98 AMD patients (119 eyes) underwent a complete ophthalmic examination, FAG, ICG and OCT. 73 eyes underwent PDT according to the TAP guidelines. According to the number of PDT treatments, patients were divided in 5 groups (0: no treatment; 4: 4 treatments). FAG, ICG and OCT were evaluated by two experienced and independent observers unaware of the clinical findings.
The mean FAG inter-observer agreement was 76.1%, being higher (89,1%) in group 0 and lowest (63,3%). The mean OCT inter-observer agreement was 97%, being higher (100%) in group 0 and lowest (93,3%). The mean ICG inter-observer agreement was 68.3%, being higher (83,2%) in group 0 and lowest (61,3%).
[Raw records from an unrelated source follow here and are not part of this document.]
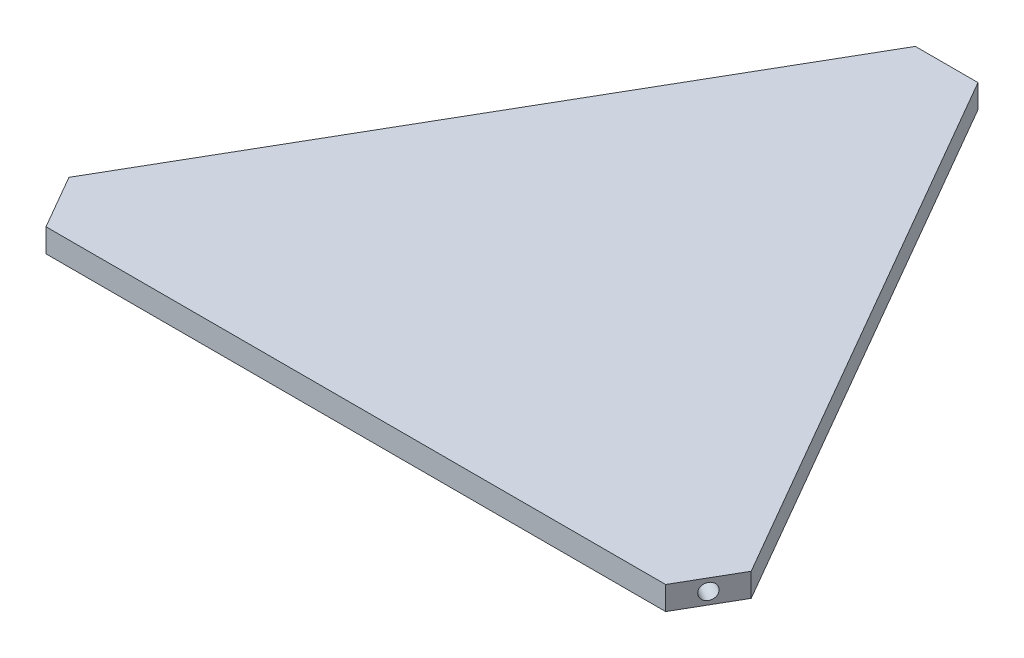
ISO-10303-21;
HEADER;
FILE_DESCRIPTION(('STEP AP214'),'2;1');
FILE_NAME('part.step','',(''),(''),'','','');
FILE_SCHEMA(('AUTOMOTIVE_DESIGN { 1 0 10303 214 1 1 1 1 }'));
ENDSEC;
DATA;
#1=APPLICATION_CONTEXT('core data for automotive mechanical design processes');
#2=APPLICATION_PROTOCOL_DEFINITION('international standard','automotive_design',2000,#1);
#3=PRODUCT_CONTEXT('',#1,'mechanical');
#4=PRODUCT('Part','Part','',(#3));
#5=PRODUCT_RELATED_PRODUCT_CATEGORY('part','',(#4));
#6=PRODUCT_DEFINITION_FORMATION('','',#4);
#7=PRODUCT_DEFINITION_CONTEXT('part definition',#1,'design');
#8=PRODUCT_DEFINITION('design','',#6,#7);
#9=PRODUCT_DEFINITION_SHAPE('','',#8);
#10=(LENGTH_UNIT() NAMED_UNIT(*) SI_UNIT(.MILLI.,.METRE.));
#11=(NAMED_UNIT(*) PLANE_ANGLE_UNIT() SI_UNIT($,.RADIAN.));
#12=(NAMED_UNIT(*) SI_UNIT($,.STERADIAN.) SOLID_ANGLE_UNIT());
#13=UNCERTAINTY_MEASURE_WITH_UNIT(LENGTH_MEASURE(1.E-05),#10,'distance_accuracy_value','');
#14=(GEOMETRIC_REPRESENTATION_CONTEXT(3) GLOBAL_UNCERTAINTY_ASSIGNED_CONTEXT((#13)) GLOBAL_UNIT_ASSIGNED_CONTEXT((#10,
#11,#12)) REPRESENTATION_CONTEXT('',''));
#15=CARTESIAN_POINT('',(0.,0.,0.));
#16=DIRECTION('',(0.,0.,1.));
#17=DIRECTION('',(1.,0.,0.));
#18=AXIS2_PLACEMENT_3D('',#15,#16,#17);
#19=CARTESIAN_POINT('',(12.7,4.7625,-152.4));
#20=DIRECTION('',(0.,0.,1.));
#21=DIRECTION('',(1.,0.,0.));
#22=AXIS2_PLACEMENT_3D('',#19,#20,#21);
#23=PLANE('',#22);
#24=CARTESIAN_POINT('',(-1.0547118733939E-12,0.,-152.4));
#25=DIRECTION('',(0.,0.,-1.));
#26=DIRECTION('',(-1.,0.,0.));
#27=AXIS2_PLACEMENT_3D('',#24,#25,#26);
#28=CIRCLE('',#27,3.17499999999999);
#29=CARTESIAN_POINT('',(-3.17500000000104,0.,-152.4));
#30=VERTEX_POINT('',#29);
#31=EDGE_CURVE('E165',#30,#30,#28,.T.);
#32=ORIENTED_EDGE('',*,*,#31,.F.);
#33=EDGE_LOOP('',(#32));
#34=FACE_BOUND('',#33,.T.);
#35=DIRECTION('',(-1.,0.,0.));
#36=VECTOR('',#35,1.);
#37=CARTESIAN_POINT('',(12.7,-4.7625,-152.4));
#38=LINE('',#37,#36);
#39=CARTESIAN_POINT('',(12.7,-4.7625,-152.4));
#40=VERTEX_POINT('',#39);
#41=CARTESIAN_POINT('',(-12.7,-4.7625,-152.4));
#42=VERTEX_POINT('',#41);
#43=EDGE_CURVE('E122',#40,#42,#38,.T.);
#44=ORIENTED_EDGE('',*,*,#43,.T.);
#45=DIRECTION('',(0.,-1.,0.));
#46=VECTOR('',#45,1.);
#47=CARTESIAN_POINT('',(-12.7,4.7625,-152.4));
#48=LINE('',#47,#46);
#49=CARTESIAN_POINT('',(-12.7,4.7625,-152.4));
#50=VERTEX_POINT('',#49);
#51=EDGE_CURVE('E11',#50,#42,#48,.T.);
#52=ORIENTED_EDGE('',*,*,#51,.F.);
#53=DIRECTION('',(-1.,0.,0.));
#54=VECTOR('',#53,1.);
#55=CARTESIAN_POINT('',(12.7,4.7625,-152.4));
#56=LINE('',#55,#54);
#57=CARTESIAN_POINT('',(12.7,4.7625,-152.4));
#58=VERTEX_POINT('',#57);
#59=EDGE_CURVE('E133',#58,#50,#56,.T.);
#60=ORIENTED_EDGE('',*,*,#59,.F.);
#61=DIRECTION('',(0.,-1.,0.));
#62=VECTOR('',#61,1.);
#63=CARTESIAN_POINT('',(12.7,4.7625,-152.4));
#64=LINE('',#63,#62);
#65=EDGE_CURVE('E118',#58,#40,#64,.T.);
#66=ORIENTED_EDGE('',*,*,#65,.T.);
#67=EDGE_LOOP('',(#44,#52,#60,#66));
#68=FACE_BOUND('',#67,.T.);
#69=ADVANCED_FACE('F35',(#34,#68),#23,.F.);
#70=CARTESIAN_POINT('',(-12.7,4.7625,-152.4));
#71=DIRECTION('',(0.866025403784438,0.,0.500000000000001));
#72=DIRECTION('',(0.500000000000001,0.,-0.866025403784438));
#73=AXIS2_PLACEMENT_3D('',#70,#71,#72);
#74=PLANE('',#73);
#75=DIRECTION('',(-0.500000000000001,0.,0.866025403784438));
#76=VECTOR('',#75,1.);
#77=CARTESIAN_POINT('',(-12.7,-4.7625,-152.4));
#78=LINE('',#77,#76);
#79=CARTESIAN_POINT('',(-138.332271536749,-4.7625,65.2014773719373));
#80=VERTEX_POINT('',#79);
#81=EDGE_CURVE('E125',#42,#80,#78,.T.);
#82=ORIENTED_EDGE('',*,*,#81,.T.);
#83=DIRECTION('',(0.,-1.,0.));
#84=VECTOR('',#83,1.);
#85=CARTESIAN_POINT('',(-138.332271536749,4.7625,65.2014773719373));
#86=LINE('',#85,#84);
#87=CARTESIAN_POINT('',(-138.332271536749,4.7625,65.2014773719373));
#88=VERTEX_POINT('',#87);
#89=EDGE_CURVE('E43',#88,#80,#86,.T.);
#90=ORIENTED_EDGE('',*,*,#89,.F.);
#91=DIRECTION('',(-0.500000000000001,0.,0.866025403784438));
#92=VECTOR('',#91,1.);
#93=CARTESIAN_POINT('',(-12.7,4.7625,-152.4));
#94=LINE('',#93,#92);
#95=EDGE_CURVE('E89',#50,#88,#94,.T.);
#96=ORIENTED_EDGE('',*,*,#95,.F.);
#97=ORIENTED_EDGE('',*,*,#51,.T.);
#98=EDGE_LOOP('',(#82,#90,#96,#97));
#99=FACE_BOUND('',#98,.T.);
#100=ADVANCED_FACE('F158',(#99),#74,.F.);
#101=CARTESIAN_POINT('',(-138.332271536749,4.7625,65.2014773719373));
#102=DIRECTION('',(0.86602540378444,0.,-0.499999999999998));
#103=DIRECTION('',(-0.499999999999998,0.,-0.86602540378444));
#104=AXIS2_PLACEMENT_3D('',#101,#102,#103);
#105=PLANE('',#104);
#106=CARTESIAN_POINT('',(-131.982271536748,0.,76.2000000000015));
#107=DIRECTION('',(-0.866025403784433,0.,0.50000000000001));
#108=DIRECTION('',(0.50000000000001,0.,0.866025403784433));
#109=AXIS2_PLACEMENT_3D('',#106,#107,#108);
#110=CIRCLE('',#109,3.17499999999999);
#111=CARTESIAN_POINT('',(-130.394771536748,0.,78.9496306570171));
#112=VERTEX_POINT('',#111);
#113=EDGE_CURVE('E174',#112,#112,#110,.T.);
#114=ORIENTED_EDGE('',*,*,#113,.F.);
#115=EDGE_LOOP('',(#114));
#116=FACE_BOUND('',#115,.T.);
#117=DIRECTION('',(0.499999999999998,0.,0.86602540378444));
#118=VECTOR('',#117,1.);
#119=CARTESIAN_POINT('',(-138.332271536749,-4.7625,65.2014773719373));
#120=LINE('',#119,#118);
#121=CARTESIAN_POINT('',(-125.632271536749,-4.7625,87.1985226280621));
#122=VERTEX_POINT('',#121);
#123=EDGE_CURVE('E128',#80,#122,#120,.T.);
#124=ORIENTED_EDGE('',*,*,#123,.T.);
#125=DIRECTION('',(0.,-1.,0.));
#126=VECTOR('',#125,1.);
#127=CARTESIAN_POINT('',(-125.632271536749,4.7625,87.1985226280621));
#128=LINE('',#127,#126);
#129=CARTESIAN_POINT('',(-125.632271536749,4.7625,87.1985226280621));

Mean FAG and ICG agreement on activity was 70,8%, being higher in group 4 (80%) and lowest in group 2 (60,1%). Mean FAG and OCT agreement on activity was 76,5%, being higher in group 4 (85,9%) and lowest in group 2 (68,6%). Most of the non-agreement between FAG and OCT was due to patients with intra-retinal fluid.
FAG and OCT have a relatively good inter-observer agreement. The agreement between different observers is lower after PDT treatment and might influence the treatment strategies. OCT might be considered in such cases.